Им самим сначала показалось не слишком значительным то, к чему они вдруг пришли. «Взгляд, слегка отличный от прежней точки зрения… в некоторых отношениях предпочтителен», — так написали они в последней главке второй статьи. Но это «слегка» вело к глубоким последствиям.
Он решили: а что, если отбросить предположение, будто новый атом сперва рождается в недрах старого и лишь потом начинает постепенно излучать энергию? Есть иная возможность: излучение сопутствует трансмутации! Испускание луча — сигнал о совершившемся акте превращения атома. Это одновременные события. И потому-то радиоактивное излучение состоит из всплесков радиации. Каждый всплеск — знак того, что один из атомов претерпел превращение.
Многое, казавшееся дотоле непонятным или случайным, получило закономерное объяснение. И прежде всего экспонента затухания радиоактивности.
Вот образец, скажем, тория-X. Это скопление одинаковых атомов. Внутри каждого действуют одни и те же причины, вызывающие в конце концов его превращение в атом эманации. И каждый атом переживает свою судьбу совершенно независимо от других, иначе температура, давление и прочие внешние условия влияли бы на интенсивность излучения. Но если каждый атом претерпевает превращение сам по себе, то для этого процесса решительно неважно, сколько всего атомов участвует в игре. Важна только вероятность превращения. Опыт показывает: за четыре дня радиация тория-X убывает наполовину. Что это значит? Только одно: свойства атомов тория-X таковы, что на протяжении этого времени у каждого второго из них появляется шанс пережить перестройку — «дозреть до трансмутации». Было, допустим, 200 миллиардов атомов. За четыре дня 100 миллиардов претерпят превращение. За следующие четыре дня каждый второй из оставшейся половины, в свой черед, переживет трансмутацию: излучение затухнет еще наполовину… Словом, убывающая геометрическая прогрессия — 200, 100, 50, 25 миллиардов — тут возникает естественно. Каков бы ни был еще неизвестный механизм превращения атомов, статистический закон экспоненты появляется тут по необходимости, сам собой. А почему торию-X требуется четыре дня на то, на что эманации достаточно одной минуты, это уже другой вопрос. Когда-нибудь физика на него ответит.

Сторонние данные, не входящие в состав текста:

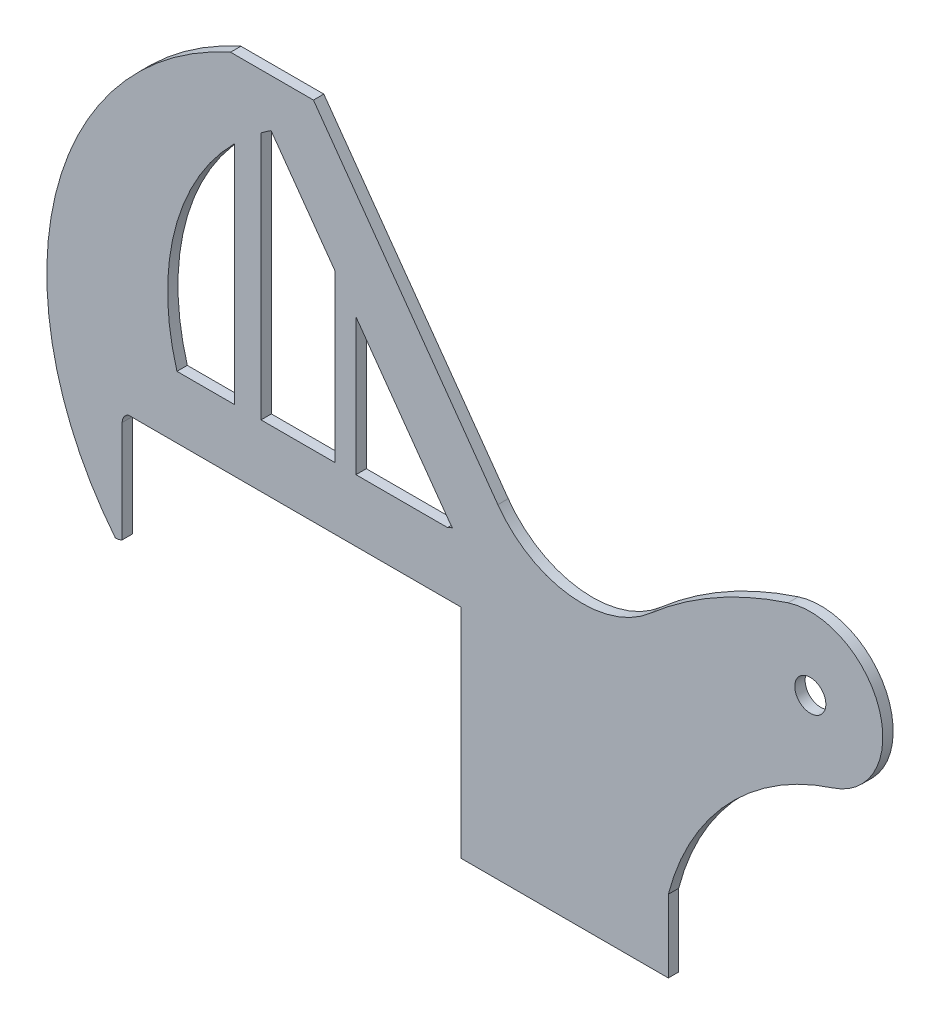
ISO-10303-21;
HEADER;
FILE_DESCRIPTION(('STEP AP214'),'2;1');
FILE_NAME('part.step','',(''),(''),'','','');
FILE_SCHEMA(('AUTOMOTIVE_DESIGN { 1 0 10303 214 1 1 1 1 }'));
ENDSEC;
DATA;
#1=APPLICATION_CONTEXT('core data for automotive mechanical design processes');
#2=APPLICATION_PROTOCOL_DEFINITION('international standard','automotive_design',2000,#1);
#3=PRODUCT_CONTEXT('',#1,'mechanical');
#4=PRODUCT('Part','Part','',(#3));
#5=PRODUCT_RELATED_PRODUCT_CATEGORY('part','',(#4));
#6=PRODUCT_DEFINITION_FORMATION('','',#4);
#7=PRODUCT_DEFINITION_CONTEXT('part definition',#1,'design');
#8=PRODUCT_DEFINITION('design','',#6,#7);
#9=PRODUCT_DEFINITION_SHAPE('','',#8);
#10=(LENGTH_UNIT() NAMED_UNIT(*) SI_UNIT(.MILLI.,.METRE.));
#11=(NAMED_UNIT(*) PLANE_ANGLE_UNIT() SI_UNIT($,.RADIAN.));
#12=(NAMED_UNIT(*) SI_UNIT($,.STERADIAN.) SOLID_ANGLE_UNIT());
#13=UNCERTAINTY_MEASURE_WITH_UNIT(LENGTH_MEASURE(1.E-05),#10,'distance_accuracy_value','');
#14=(GEOMETRIC_REPRESENTATION_CONTEXT(3) GLOBAL_UNCERTAINTY_ASSIGNED_CONTEXT((#13)) GLOBAL_UNIT_ASSIGNED_CONTEXT((#10,
#11,#12)) REPRESENTATION_CONTEXT('',''));
#15=CARTESIAN_POINT('',(0.,0.,0.));
#16=DIRECTION('',(0.,0.,1.));
#17=DIRECTION('',(1.,0.,0.));
#18=AXIS2_PLACEMENT_3D('',#15,#16,#17);
#19=CARTESIAN_POINT('',(-46.5012475591657,-2.898315985604,-5.));
#20=DIRECTION('',(0.,0.,-1.));
#21=DIRECTION('',(-1.,0.,0.));
#22=AXIS2_PLACEMENT_3D('',#19,#20,#21);
#23=PLANE('',#22);
#24=CARTESIAN_POINT('',(153.703952572074,-16.6665331952951,-5.));
#25=DIRECTION('',(0.,0.,-1.));
#26=DIRECTION('',(-1.,0.,0.));
#27=AXIS2_PLACEMENT_3D('',#24,#25,#26);
#28=CIRCLE('',#27,7.50000000000001);
#29=CARTESIAN_POINT('',(146.203952572074,-16.6665331952951,-5.));
#30=VERTEX_POINT('',#29);
#31=EDGE_CURVE('E278',#30,#30,#28,.T.);
#32=ORIENTED_EDGE('',*,*,#31,.F.);
#33=EDGE_LOOP('',(#32));
#34=FACE_BOUND('',#33,.T.);
#35=DIRECTION('',(0.,-1.,0.));
#36=VECTOR('',#35,1.);
#37=CARTESIAN_POINT('',(-124.250121532529,-2.89831598560399,-5.));
#38=LINE('',#37,#36);
#39=CARTESIAN_POINT('',(-124.250121532529,74.9162880156631,-5.));
#40=VERTEX_POINT('',#39);
#41=CARTESIAN_POINT('',(-124.250121532529,-34.0837119843369,-5.));
#42=VERTEX_POINT('',#41);
#43=EDGE_CURVE('E347',#40,#42,#38,.T.);
#44=ORIENTED_EDGE('',*,*,#43,.F.);
#45=CARTESIAN_POINT('',(-46.5012475591657,-2.898315985604,-5.));
#46=DIRECTION('',(0.,0.,-1.));
#47=DIRECTION('',(-1.,0.,0.));
#48=AXIS2_PLACEMENT_3D('',#45,#46,#47);
#49=CIRCLE('',#48,110.);
#50=CARTESIAN_POINT('',(-151.988076482981,-34.0837119843369,-5.));
#51=VERTEX_POINT('',#50);
#52=EDGE_CURVE('E356',#51,#40,#49,.T.);
#53=ORIENTED_EDGE('',*,*,#52,.F.);
#54=DIRECTION('',(-1.,0.,0.));
#55=VECTOR('',#54,1.);
#56=CARTESIAN_POINT('',(-46.5012475591657,-34.0837119843369,-5.));
#57=LINE('',#56,#55);
#58=EDGE_CURVE('E351',#42,#51,#57,.T.);
#59=ORIENTED_EDGE('',*,*,#58,.F.);
#60=EDGE_LOOP('',(#44,#53,#59));
#61=FACE_BOUND('',#60,.T.);
#62=DIRECTION('',(0.581238193719097,-0.813733471206735,0.));
#63=VECTOR('',#62,1.);
#64=CARTESIAN_POINT('',(-42.6803893935301,-0.169131581578513,-5.));
#65=LINE('',#64,#63);
#66=CARTESIAN_POINT('',(-106.558315082509,89.2599643829915,-5.));
#67=VERTEX_POINT('',#66);
#68=CARTESIAN_POINT('',(-75.5985462487027,45.9162880156631,-5.));
#69=VERTEX_POINT('',#68);
#70=EDGE_CURVE('E360',#67,#69,#65,.T.);
#71=ORIENTED_EDGE('',*,*,#70,.F.);
#72=CARTESIAN_POINT('',(-46.5012475591657,-2.898315985604,-5.));
#73=DIRECTION('',(0.,0.,-1.));
#74=DIRECTION('',(-1.,0.,0.));
#75=AXIS2_PLACEMENT_3D('',#72,#73,#74);
#76=CIRCLE('',#75,110.);
#77=CARTESIAN_POINT('',(-111.400909469673,85.9162880156631,-5.));
#78=VERTEX_POINT('',#77);
#79=EDGE_CURVE('E378',#78,#67,#76,.T.);
#80=ORIENTED_EDGE('',*,*,#79,.F.);
#81=DIRECTION('',(0.,1.,0.));
#82=VECTOR('',#81,1.);
#83=CARTESIAN_POINT('',(-111.400909469673,-2.898315985604,-5.));
#84=LINE('',#83,#82);
#85=CARTESIAN_POINT('',(-111.400909469673,-34.0837119843369,-5.));
#86=VERTEX_POINT('',#85);
#87=EDGE_CURVE('E373',#86,#78,#84,.T.);
#88=ORIENTED_EDGE('',*,*,#87,.F.);
#89=DIRECTION('',(-1.,0.,0.));
#90=VECTOR('',#89,1.);
#91=CARTESIAN_POINT('',(-46.5012475591657,-34.0837119843369,-5.));
#92=LINE('',#91,#90);
#93=CARTESIAN_POINT('',(-75.5985462487027,-34.0837119843369,-5.));
#94=VERTEX_POINT('',#93);
#95=EDGE_CURVE('E369',#94,#86,#92,.T.);
#96=ORIENTED_EDGE('',*,*,#95,.F.);
#97=DIRECTION('',(0.,1.,0.));
#98=VECTOR('',#97,1.);
#99=CARTESIAN_POINT('',(-75.5985462487027,-2.89831598560401,-5.));
#100=LINE('',#99,#98);
#101=EDGE_CURVE('E364',#94,#69,#100,.T.);
#102=ORIENTED_EDGE('',*,*,#101,.T.);
#103=EDGE_LOOP('',(#71,#80,#88,#96,#102));
#104=FACE_BOUND('',#103,.T.);
#105=DIRECTION('',(-0.908760762333003,-0.417317477280715,0.));
#106=VECTOR('',#105,1.);
#107=CARTESIAN_POINT('',(-30.2998668742654,-38.178839480558,-5.));
#108=LINE('',#107,#106);
#109=CARTESIAN_POINT('',(-19.0840716221747,-33.0283669092253,-5.));
#110=VERTEX_POINT('',#109);
#111=CARTESIAN_POINT('',(-21.3822169124991,-34.0837119843369,-5.));
#112=VERTEX_POINT('',#111);
#113=EDGE_CURVE('E385',#110,#112,#108,.T.);
#114=ORIENTED_EDGE('',*,*,#113,.F.);
#115=CARTESIAN_POINT('',(43.583392810866,16.6987776049491,-5.));
#116=DIRECTION('',(0.,0.,-1.));
#117=DIRECTION('',(-1.,0.,0.));
#118=AXIS2_PLACEMENT_3D('',#115,#116,#117);
#119=CIRCLE('',#118,80.);
#120=CARTESIAN_POINT('',(-21.5152848856728,-29.8002778925786,-5.));
#121=VERTEX_POINT('',#120);
#122=EDGE_CURVE('E367',#110,#121,#119,.T.);
#123=ORIENTED_EDGE('',*,*,#122,.T.);
#124=DIRECTION('',(0.581238193719097,-0.813733471206735,0.));
#125=VECTOR('',#124,1.);
#126=CARTESIAN_POINT('',(-42.6803893935301,-0.169131581578513,-5.));
#127=LINE('',#126,#125);
#128=CARTESIAN_POINT('',(-65.5985462487027,31.9162880156631,-5.));
#129=VERTEX_POINT('',#128);
#130=EDGE_CURVE('E395',#129,#121,#127,.T.);
#131=ORIENTED_EDGE('',*,*,#130,.F.);
#132=DIRECTION('',(0.,-1.,0.));
#133=VECTOR('',#132,1.);
#134=CARTESIAN_POINT('',(-65.5985462487027,-2.898315985604,-5.));
#135=LINE('',#134,#133);
#136=CARTESIAN_POINT('',(-65.5985462487027,-34.0837119843369,-5.));
#137=VERTEX_POINT('',#136);
#138=EDGE_CURVE('E384',#129,#137,#135,.T.);
#139=ORIENTED_EDGE('',*,*,#138,.T.);
#140=DIRECTION('',(-1.,0.,0.));
#141=VECTOR('',#140,1.);
#142=CARTESIAN_POINT('',(-46.5012475591657,-34.0837119843369,-5.));
#143=LINE('',#142,#141);
#144=EDGE_CURVE('E388',#112,#137,#143,.T.);
#145=ORIENTED_EDGE('',*,*,#144,.F.);
#146=EDGE_LOOP('',(#114,#123,#131,#139,#145));
#147=FACE_BOUND('',#146,.T.);
#148=DIRECTION('',(0.,-1.,0.));
#149=VECTOR('',#148,1.);
#150=CARTESIAN_POINT('',(-178.423236570133,0.,-5.));
#151=LINE('',#150,#149);
#152=CARTESIAN_POINT('',(-178.423236570133,-68.6662876792927,-5.));
#153=VERTEX_POINT('',#152);
#154=CARTESIAN_POINT('',(-178.423236570133,-117.76733605745,-5.));
#155=VERTEX_POINT('',#154);
#156=EDGE_CURVE('E290',#153,#155,#151,.T.);
#157=ORIENTED_EDGE('',*,*,#156,.T.);
#158=CARTESIAN_POINT('',(-181.423236570133,-112.571183634743,-5.));
#159=DIRECTION('',(0.,0.,1.));
#160=DIRECTION('',(1.,0.,0.));
#161=AXIS2_PLACEMENT_3D('',#158,#159,#160);
#162=CIRCLE('',#161,5.99999999999999);
#163=CARTESIAN_POINT('',(-181.759434047816,-118.561757167886,-5.));
#164=VERTEX_POINT('',#163);
#165=EDGE_CURVE('E73',#164,#155,#162,.T.);
#166=ORIENTED_EDGE('',*,*,#165,.F.);
#167=CARTESIAN_POINT('',(-64.8050101889918,-24.6380501506983,-5.));
#168=DIRECTION('',(0.,0.,1.));
#169=DIRECTION('',(1.,0.,0.));
#170=AXIS2_PLACEMENT_3D('',#167,#168,#169);
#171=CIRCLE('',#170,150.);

Но не раньше, чем проникнет в самые глубины атомов…
Научные сочинения, как и литературные, обладают порой подтекстом. И когда это случается, из-за глухой стены безлично объективных выкладок и выводов неожиданно доносится человеческий голос самого исследователя. И становится «слышно» его умонастроение. Вот как заканчивалась еще в первом варианте историческая работа Резерфорда и Содди:
…Кажется, нет ничего безрассудного в надежде, что радиоактивность доставит средства получения информации о процессах, совершающихся внутри химического атома.
Эту фразу, со всей ее не до конца подавленной эмоциональностью, они сохранили и в рукописи для «Philosophical magazine». Материал новых умозаключений стократно усилил ее звучание: теперь можно было выкинуть «кажется», настолько очевидно стало, что нет ничего безрассудного в высказанной надежде.
15
Так произошло открытие естественного превращения элементов.
Так возникла теория радиоактивного распада. Так пришел конец старой атомистике.
Подходит к концу и рассказ о великолепном сотрудничестве Резерфорда и Содди. Но окончание этого рассказа будет, к сожалению, не таким вдохновляющим, как начало. (Впрочем, разве не было и вначале малоприметных, но явственно темных черточек, предвещавших впоследствии дурную погоду?)
Для хроникальной полноты картины осталось досказать немногое.
Совместное научное наследие Резерфорда и Содди не исчерпывается двумя вариантами двух статей о радиоактивных каверзах тория и той маленькой заметкой, что ускользнула от внимания Пьера Кюри. За их двойною подписью появились еще четыре работы. Они не содержали новых великих открытий. Но довольно и того, что в них на расширенном материале подтверждалась «теория дезинтеграции материи». Все тот же «Philosophical magazine» без промедлений опубликовал и эти четыре работы. Две — в апреле, две — в мае 1903 года.
А Резерфорда и Содди в это время уже разделял океан.
В феврале оксфордец навсегда простился с Монреалем. Он отправился в Штаты, и оттуда — в Англию. Он увозил с собою лучшие воспоминания о Мак-Гилле. Ему шел двадцать шестой год, и окружающие уже не принимали его за юнца. К полученной в Канаде научной степени магистра искусств он зачем-то по-прежнему прибавлял свое гордое — «Оксоун». И хотя не сбылась его честолюбивая мечта о профессуре, жаловаться ему было не на что. Свершилось нечто несравненно большее: он возвратился в Англию знаменитостью.